Henry has given up coffee which means I have to face life without my breakfast fix; I try not to be grumpy about it. I should be cherishing each second of this morning, but I’m not. I have a headache. I feel impatient to be gone.
That’s one way to deal with the most wrenching moments in life: reduce them to ordinariness.
I get on his computer, read a few blogs, check my email. And then, bored, Henry still asleep, not knowing what to do with myself, I goggle Heidi Avens.
And there she is. A hit immediately. I click on it.
It’s an obituary. Heidi is dead.
I stare blankly at the obit. Not only is she dead, but she died just a few weeks ago. I just missed her.
An echoy, hollow feeling has opened up inside me. It isn’t just that someone my age is dead; nor is it that someone I know has died. I missed her. I missed her by less than two weeks. I start to read the obit.
She majored in English Literature, got a masters. Then she got sick and came home to live with her parents. Her illness, which the obit does not explain, cut her off from all the normal events of life: she never married, never had kids, never had a job or career.
But she did have a life: she volunteered. She was remembered by the other wetland volunteers as one of their most dedicated helpers. She also volunteered for a local dog rescue. She was survived by her parents and her dog.
My mind is flooded by the thought: I would have liked her. She loved nature. Like me, she volunteered at a dog rescue. We could have been friends, but I just missed her. I just missed a whole life of a person I would have liked.
Henry wakes up. I try to put Heidi out of my mind and greet him cheerfully. I do not want him to know about the huge empty hole in my chest.
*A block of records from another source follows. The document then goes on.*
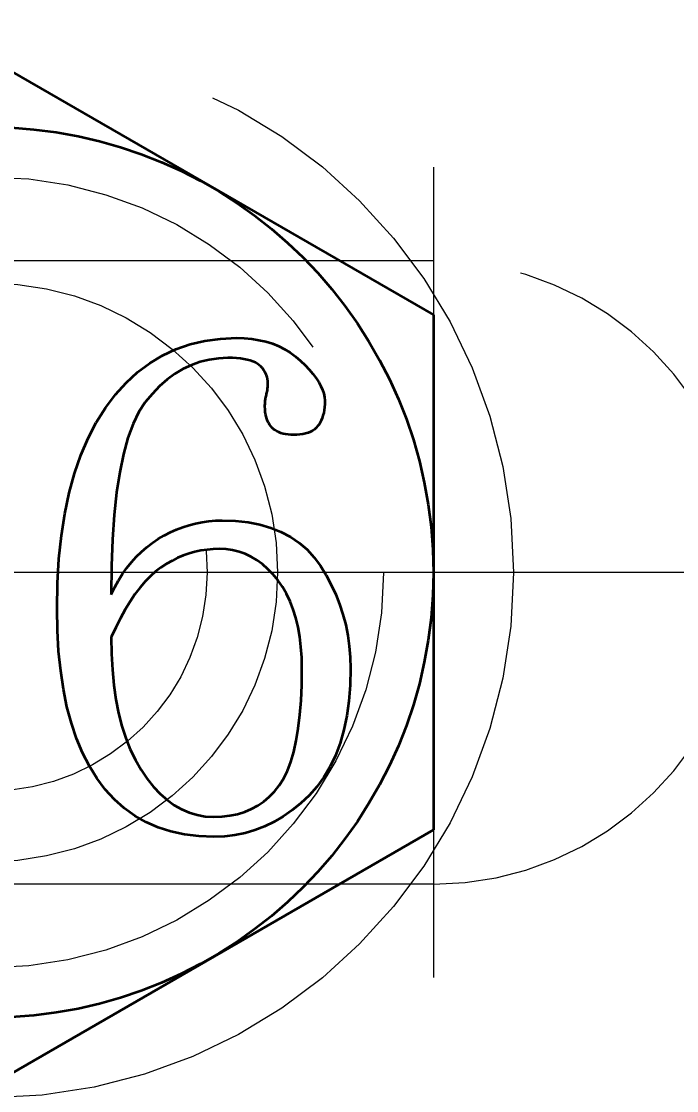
# Model space of a CAD drawing. Header units: millimetres. Extents: x 5606 to 13175, y -3239 to -2051.
# Drawn here: x 6566.35 to 6573.72, y -2464.6 to -2452.6 of the extents above; entities that cross this region are included whole.
import ezdxf

# ---------------------------------------------------------------- set-up
doc = ezdxf.new("R2010")
doc.units = ezdxf.units.MM
doc.linetypes.add('CENTER-HOKUTO', pattern=[23, 20, -1, 1, -1])
doc.linetypes.add('HIDDEN-HOKUTO', pattern=[3.8, 2.5, -1.3])
doc.layers.add('AM_7', color=2, linetype='CENTER-HOKUTO', lineweight=30)
doc.layers.add('AM_HID', color=1, linetype='HIDDEN-HOKUTO', lineweight=25)
doc.layers.add('word_dim', color=253, linetype='Continuous')
doc.styles.get("Standard").update_dxf_attribs({"font": 'romans.shx', "bigfont": 'bigfont.shx'})
doc.dimstyles.new('RS1-4', dxfattribs={"dimscale": 4, "dimtxt": 3.5, "dimasz": 3, "dimexe": 1, "dimexo": 0, "dimgap": 1, "dimtad": 3, "dimdsep": 46, "dimtxsty": 'Standard', "dimblk1": 'OPEN', "dimblk2": 'OPEN', "dimsah": 1, "dimcen": 0, "dimclrd": 256, "dimclre": 256, "dimclrt": 3, "dimadec": 0, "dimazin": 0, "dimtfac": 1, "dimtmove": 0, "dimatfit": 3, "dimldrblk": 'OPEN', "dimfxl": 0, "dimtolj": 1, "dimtzin": 0, "dimarcsym": 0})

# ---------------------------------------------------------------- blocks, each defined once
blk = doc.blocks.new('_Open')
at = {"color": 0, "lineweight": -2}
for p, q in [((-1, 0.1667), (0, 0)), ((-1, -0.1667), (0, 0)), ((0, 0), (-1, 0))]:
    blk.add_line(p, q, dxfattribs=at)
blk = doc.blocks.new('*D266')
at = {"layer": 'DEFPOINTS', "color": 0, "linetype": 'Continuous', "ltscale": 2}
for p in [(6610.313, -2218.944), (6610.313, -2336.642), (6330.982, -2565.284)]:
    blk.add_point(p, dxfattribs=at)
at = {"layer": 'word_dim', "linetype": 'Continuous', "lineweight": -2, "ltscale": 2}
for p, q in [((6330.982, -2565.284), (6330.982, -2214.944)), ((6610.313, -2336.642), (6610.313, -2214.944)), ((6342.982, -2218.944), (6598.313, -2218.944))]:
    blk.add_line(p, q, dxfattribs=at)
at = {"layer": 'word_dim', "linetype": 'Continuous', "lineweight": -2, "ltscale": 2, "xscale": 12, "yscale": 12, "zscale": 12, "rotation": 180}
blk.add_blockref('_Open', (6330.982, -2218.944), dxfattribs=at)
at = {"layer": 'word_dim', "linetype": 'Continuous', "lineweight": -2, "ltscale": 2, "xscale": 12, "yscale": 12, "zscale": 12}
blk.add_blockref('_Open', (6610.313, -2218.944), dxfattribs=at)
at = {"layer": 'word_dim', "color": 3, "linetype": 'Continuous', "ltscale": 2, "insert": (6470.648, -2207.944), "char_height": 14, "attachment_point": 5}
blk.add_mtext('\\A1;279.33', dxfattribs=at)

msp = doc.modelspace()

# ---------------------------------------------------------------- linework, layer by layer
at = {"color": 7, "lineweight": 35, "ltscale": 0.144318}
msp.add_line((6565.982, -2453.009), (6570.982, -2455.894), dxfattribs=at)
at = {"color": 7, "lineweight": 35, "ltscale": 0.072244}
msp.add_line((6570.982, -2455.894), (6570.982, -2458.784), dxfattribs=at)
at = {"color": 7, "lineweight": 35, "ltscale": 0.00427}
msp.add_line((6568.248, -2456.223), (6568.414, -2456.184), dxfattribs=at)
at = {"color": 7, "lineweight": 35, "ltscale": 0.004394}
msp.add_line((6568.414, -2456.184), (6568.589, -2456.16), dxfattribs=at)
at = {"color": 7, "lineweight": 35, "ltscale": 0.004548}
msp.add_line((6568.589, -2456.16), (6568.77, -2456.152), dxfattribs=at)
at = {"color": 7, "lineweight": 35, "ltscale": 0.002198}
msp.add_line((6568.77, -2456.152), (6568.858, -2456.155), dxfattribs=at)
at = {"color": 7, "lineweight": 35, "ltscale": 0.002114}
msp.add_line((6568.858, -2456.155), (6568.942, -2456.162), dxfattribs=at)
at = {"color": 7, "lineweight": 35, "ltscale": 0.002045}
for p, q in [((6568.942, -2456.162), (6569.023, -2456.175)), ((6569.077, -2461.356), (6569.139, -2461.303))]:
    msp.add_line(p, q, dxfattribs=at)
at = {"color": 7, "lineweight": 35, "ltscale": 0.001983}
msp.add_line((6569.023, -2456.175), (6569.101, -2456.193), dxfattribs=at)
at = {"color": 7, "lineweight": 35, "ltscale": 0.001934}
msp.add_line((6569.101, -2456.193), (6569.174, -2456.216), dxfattribs=at)
at = {"color": 7, "lineweight": 35, "ltscale": 0.00417}
msp.add_line((6567.938, -2456.348), (6568.089, -2456.278), dxfattribs=at)
at = {"color": 7, "lineweight": 35, "ltscale": 0.004198}
msp.add_line((6568.089, -2456.278), (6568.248, -2456.223), dxfattribs=at)
at = {"color": 7, "lineweight": 35, "ltscale": 0.001891}
msp.add_line((6569.174, -2456.216), (6569.245, -2456.244), dxfattribs=at)
at = {"color": 7, "lineweight": 35, "ltscale": 0.001865}
msp.add_line((6569.245, -2456.244), (6569.311, -2456.278), dxfattribs=at)
at = {"color": 7, "lineweight": 35, "ltscale": 0.001847}
msp.add_line((6569.311, -2456.278), (6569.375, -2456.316), dxfattribs=at)
at = {"color": 7, "lineweight": 35, "ltscale": 0.001846}
msp.add_line((6569.375, -2456.316), (6569.434, -2456.36), dxfattribs=at)
at = {"color": 7, "lineweight": 35, "ltscale": 0.004243}
msp.add_line((6567.659, -2456.536), (6567.795, -2456.434), dxfattribs=at)
at = {"color": 7, "lineweight": 35, "ltscale": 0.004182}
msp.add_line((6567.795, -2456.434), (6567.938, -2456.348), dxfattribs=at)
at = {"color": 7, "lineweight": 35, "ltscale": 0.002591}
msp.add_line((6568.362, -2456.421), (6568.265, -2456.456), dxfattribs=at)
at = {"color": 7, "lineweight": 35, "ltscale": 0.002596}
msp.add_line((6568.463, -2456.396), (6568.362, -2456.421), dxfattribs=at)
at = {"color": 7, "lineweight": 35, "ltscale": 0.002627}
msp.add_line((6568.567, -2456.381), (6568.463, -2456.396), dxfattribs=at)
at = {"color": 7, "lineweight": 35, "ltscale": 0.002682}
msp.add_line((6568.674, -2456.376), (6568.567, -2456.381), dxfattribs=at)
at = {"color": 7, "lineweight": 35, "ltscale": 0.001239}
msp.add_line((6568.724, -2456.377), (6568.674, -2456.376), dxfattribs=at)
at = {"color": 7, "lineweight": 35, "ltscale": 0.001161}
msp.add_line((6568.77, -2456.379), (6568.724, -2456.377), dxfattribs=at)
at = {"color": 7, "lineweight": 35, "ltscale": 0.001085}
msp.add_line((6568.814, -2456.383), (6568.77, -2456.379), dxfattribs=at)
at = {"color": 7, "lineweight": 35, "ltscale": 0.001011}
msp.add_line((6568.854, -2456.389), (6568.814, -2456.383), dxfattribs=at)
at = {"color": 7, "lineweight": 35, "ltscale": 0.000935767}
msp.add_line((6568.89, -2456.396), (6568.854, -2456.389), dxfattribs=at)
at = {"color": 7, "lineweight": 35, "ltscale": 0.000867909}
msp.add_line((6568.924, -2456.405), (6568.89, -2456.396), dxfattribs=at)
at = {"color": 7, "lineweight": 35, "ltscale": 0.00080319}
msp.add_line((6568.954, -2456.415), (6568.924, -2456.405), dxfattribs=at)
at = {"color": 7, "lineweight": 35, "ltscale": 0.000743358}
msp.add_line((6568.982, -2456.427), (6568.954, -2456.415), dxfattribs=at)
at = {"color": 7, "lineweight": 35, "ltscale": 0.000688535}
msp.add_line((6569.005, -2456.441), (6568.982, -2456.427), dxfattribs=at)
at = {"color": 7, "lineweight": 35, "ltscale": 0.000645063}
msp.add_line((6569.026, -2456.456), (6569.005, -2456.441), dxfattribs=at)
at = {"color": 7, "lineweight": 35, "ltscale": 0.001857}
msp.add_line((6569.434, -2456.36), (6569.49, -2456.408), dxfattribs=at)
at = {"color": 7, "lineweight": 35, "ltscale": 0.00181}
msp.add_line((6569.49, -2456.408), (6569.542, -2456.459), dxfattribs=at)
at = {"color": 7, "lineweight": 35, "ltscale": 0.004344}
msp.add_line((6567.531, -2456.654), (6567.659, -2456.536), dxfattribs=at)
at = {"color": 7, "lineweight": 35, "ltscale": 0.00273}
msp.add_line((6568.079, -2456.555), (6567.991, -2456.619), dxfattribs=at)
at = {"color": 7, "lineweight": 35, "ltscale": 0.002655}
msp.add_line((6568.17, -2456.5), (6568.079, -2456.555), dxfattribs=at)
at = {"color": 7, "lineweight": 35, "ltscale": 0.002612}
msp.add_line((6568.265, -2456.456), (6568.17, -2456.5), dxfattribs=at)
at = {"color": 7, "lineweight": 35, "ltscale": 0.000614106}
msp.add_line((6569.045, -2456.473), (6569.026, -2456.456), dxfattribs=at)
at = {"color": 7, "lineweight": 35, "ltscale": 0.000597502}
msp.add_line((6569.061, -2456.49), (6569.045, -2456.473), dxfattribs=at)
at = {"color": 7, "lineweight": 35, "ltscale": 0.000584231}
msp.add_line((6569.075, -2456.509), (6569.061, -2456.49), dxfattribs=at)
at = {"color": 7, "lineweight": 35, "ltscale": 0.000575208}
msp.add_line((6569.088, -2456.528), (6569.075, -2456.509), dxfattribs=at)
at = {"color": 7, "lineweight": 35, "ltscale": 0.000573302}
msp.add_line((6569.098, -2456.548), (6569.088, -2456.528), dxfattribs=at)
at = {"color": 7, "lineweight": 35, "ltscale": 0.000574218}
msp.add_line((6569.107, -2456.569), (6569.098, -2456.548), dxfattribs=at)
at = {"color": 7, "lineweight": 35, "ltscale": 0.000580083}
msp.add_line((6569.114, -2456.592), (6569.107, -2456.569), dxfattribs=at)
at = {"color": 7, "lineweight": 35, "ltscale": 0.001687}
msp.add_line((6569.542, -2456.459), (6569.588, -2456.508), dxfattribs=at)
at = {"color": 7, "lineweight": 35, "ltscale": 0.001575}
msp.add_line((6569.588, -2456.508), (6569.629, -2456.556), dxfattribs=at)
at = {"color": 7, "lineweight": 35, "ltscale": 0.001465}
msp.add_line((6569.629, -2456.556), (6569.664, -2456.603), dxfattribs=at)
at = {"color": 7, "lineweight": 35, "ltscale": 0.00449}
msp.add_line((6567.411, -2456.787), (6567.531, -2456.654), dxfattribs=at)
at = {"color": 7, "lineweight": 35, "ltscale": 0.002932}
msp.add_line((6567.906, -2456.694), (6567.825, -2456.778), dxfattribs=at)
at = {"color": 7, "lineweight": 35, "ltscale": 0.002819}
msp.add_line((6567.991, -2456.619), (6567.906, -2456.694), dxfattribs=at)
at = {"color": 7, "lineweight": 35, "ltscale": 0.000592544}
msp.add_line((6569.119, -2456.615), (6569.114, -2456.592), dxfattribs=at)
at = {"color": 7, "lineweight": 35, "ltscale": 0.000608671}
msp.add_line((6569.121, -2456.639), (6569.119, -2456.615), dxfattribs=at)
at = {"color": 7, "lineweight": 35, "ltscale": 0.000628374}
msp.add_line((6569.122, -2456.664), (6569.121, -2456.639), dxfattribs=at)
at = {"color": 7, "lineweight": 35, "ltscale": 0.000319434}
msp.add_line((6569.121, -2456.703), (6569.122, -2456.69), dxfattribs=at)
at = {"color": 7, "lineweight": 35, "ltscale": 0.00031973}
msp.add_line((6569.122, -2456.677), (6569.122, -2456.664), dxfattribs=at)
at = {"color": 7, "lineweight": 35, "ltscale": 0.000320667}
msp.add_line((6569.122, -2456.69), (6569.122, -2456.677), dxfattribs=at)
at = {"color": 7, "lineweight": 35, "ltscale": 0.001361}
msp.add_line((6569.664, -2456.603), (6569.694, -2456.648), dxfattribs=at)
at = {"color": 7, "lineweight": 35, "ltscale": 0.001262}
msp.add_line((6569.694, -2456.648), (6569.719, -2456.692), dxfattribs=at)
at = {"color": 7, "lineweight": 35, "ltscale": 0.001173}
msp.add_line((6569.719, -2456.692), (6569.738, -2456.735), dxfattribs=at)
at = {"color": 7, "lineweight": 35, "ltscale": 0.004667}
msp.add_line((6567.298, -2456.936), (6567.411, -2456.787), dxfattribs=at)
at = {"color": 7, "lineweight": 35, "ltscale": 0.003064}
msp.add_line((6567.825, -2456.778), (6567.746, -2456.872), dxfattribs=at)
at = {"color": 7, "lineweight": 35, "ltscale": 0.000326542}
msp.add_line((6569.101, -2456.818), (6569.103, -2456.805), dxfattribs=at)
at = {"color": 7, "lineweight": 35, "ltscale": 0.000330186}
msp.add_line((6569.103, -2456.805), (6569.106, -2456.792), dxfattribs=at)
at = {"color": 7, "lineweight": 35, "ltscale": 0.000328631}
msp.add_line((6569.106, -2456.792), (6569.109, -2456.779), dxfattribs=at)
at = {"color": 7, "lineweight": 35, "ltscale": 0.000327393}
msp.add_line((6569.109, -2456.779), (6569.112, -2456.767), dxfattribs=at)
at = {"color": 7, "lineweight": 35, "ltscale": 0.000324888}
msp.add_line((6569.112, -2456.767), (6569.114, -2456.754), dxfattribs=at)
at = {"color": 7, "lineweight": 35, "ltscale": 0.000323854}
msp.add_line((6569.114, -2456.754), (6569.117, -2456.741), dxfattribs=at)
at = {"color": 7, "lineweight": 35, "ltscale": 0.00032327}
msp.add_line((6569.117, -2456.741), (6569.118, -2456.728), dxfattribs=at)
at = {"color": 7, "lineweight": 35, "ltscale": 0.000321004}
msp.add_line((6569.118, -2456.728), (6569.12, -2456.715), dxfattribs=at)
at = {"color": 7, "lineweight": 35, "ltscale": 0.000323404}
msp.add_line((6569.12, -2456.715), (6569.121, -2456.703), dxfattribs=at)
at = {"color": 7, "lineweight": 35, "ltscale": 0.001094}
msp.add_line((6569.738, -2456.735), (6569.751, -2456.777), dxfattribs=at)
at = {"color": 7, "lineweight": 35, "ltscale": 0.001029}
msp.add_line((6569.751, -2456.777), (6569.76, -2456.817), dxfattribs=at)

I don’t want him to know that I am teetering on the brink of that hole, about to start sobbing and wailing. He’s having a tough morning and goes into the bathroom for a bout of dry heaves. I hang around out the side the door and hand him a clean towel when he’s done. Then I make him some warm milk.
We talk over the game plan calmly. His books will go to Planned Parenthood. His furniture, pots and pans, and so on will go to Goodwill. He has friends that will be visiting him daily, and, after I get back home, we will phone each other every night. He will hold out in his apartment as long as he can while his power of attorney friend researches hospice placements for later on.
It’s time to go.
He keeps saying that it isn’t, that you can show up at the Des Moines airport five minutes before departure, but I’m hardwired for big airports and insist on getting there at least forty five minutes early.
It turns out Henry is right. There’s no traffic. We drive to the airport, the reverse of the trip I made six days ago, days that are already memories filling my eyes. The airport itself is nearly empty; I seem to be the only person in the world who is going to fly out of Des Moines this morning. I get out of the car and stand on the sidewalk. We smile at each other. I say it isn’t good by because I will be back. I mean that I will be there when he dies, but I don’t put it that way.
Henry says, as he always does, “Give yourself a hug and a pat on the head.”
And I say, “Give yourself one from me.”
So we are smiling and waving like happy people when he pulls away.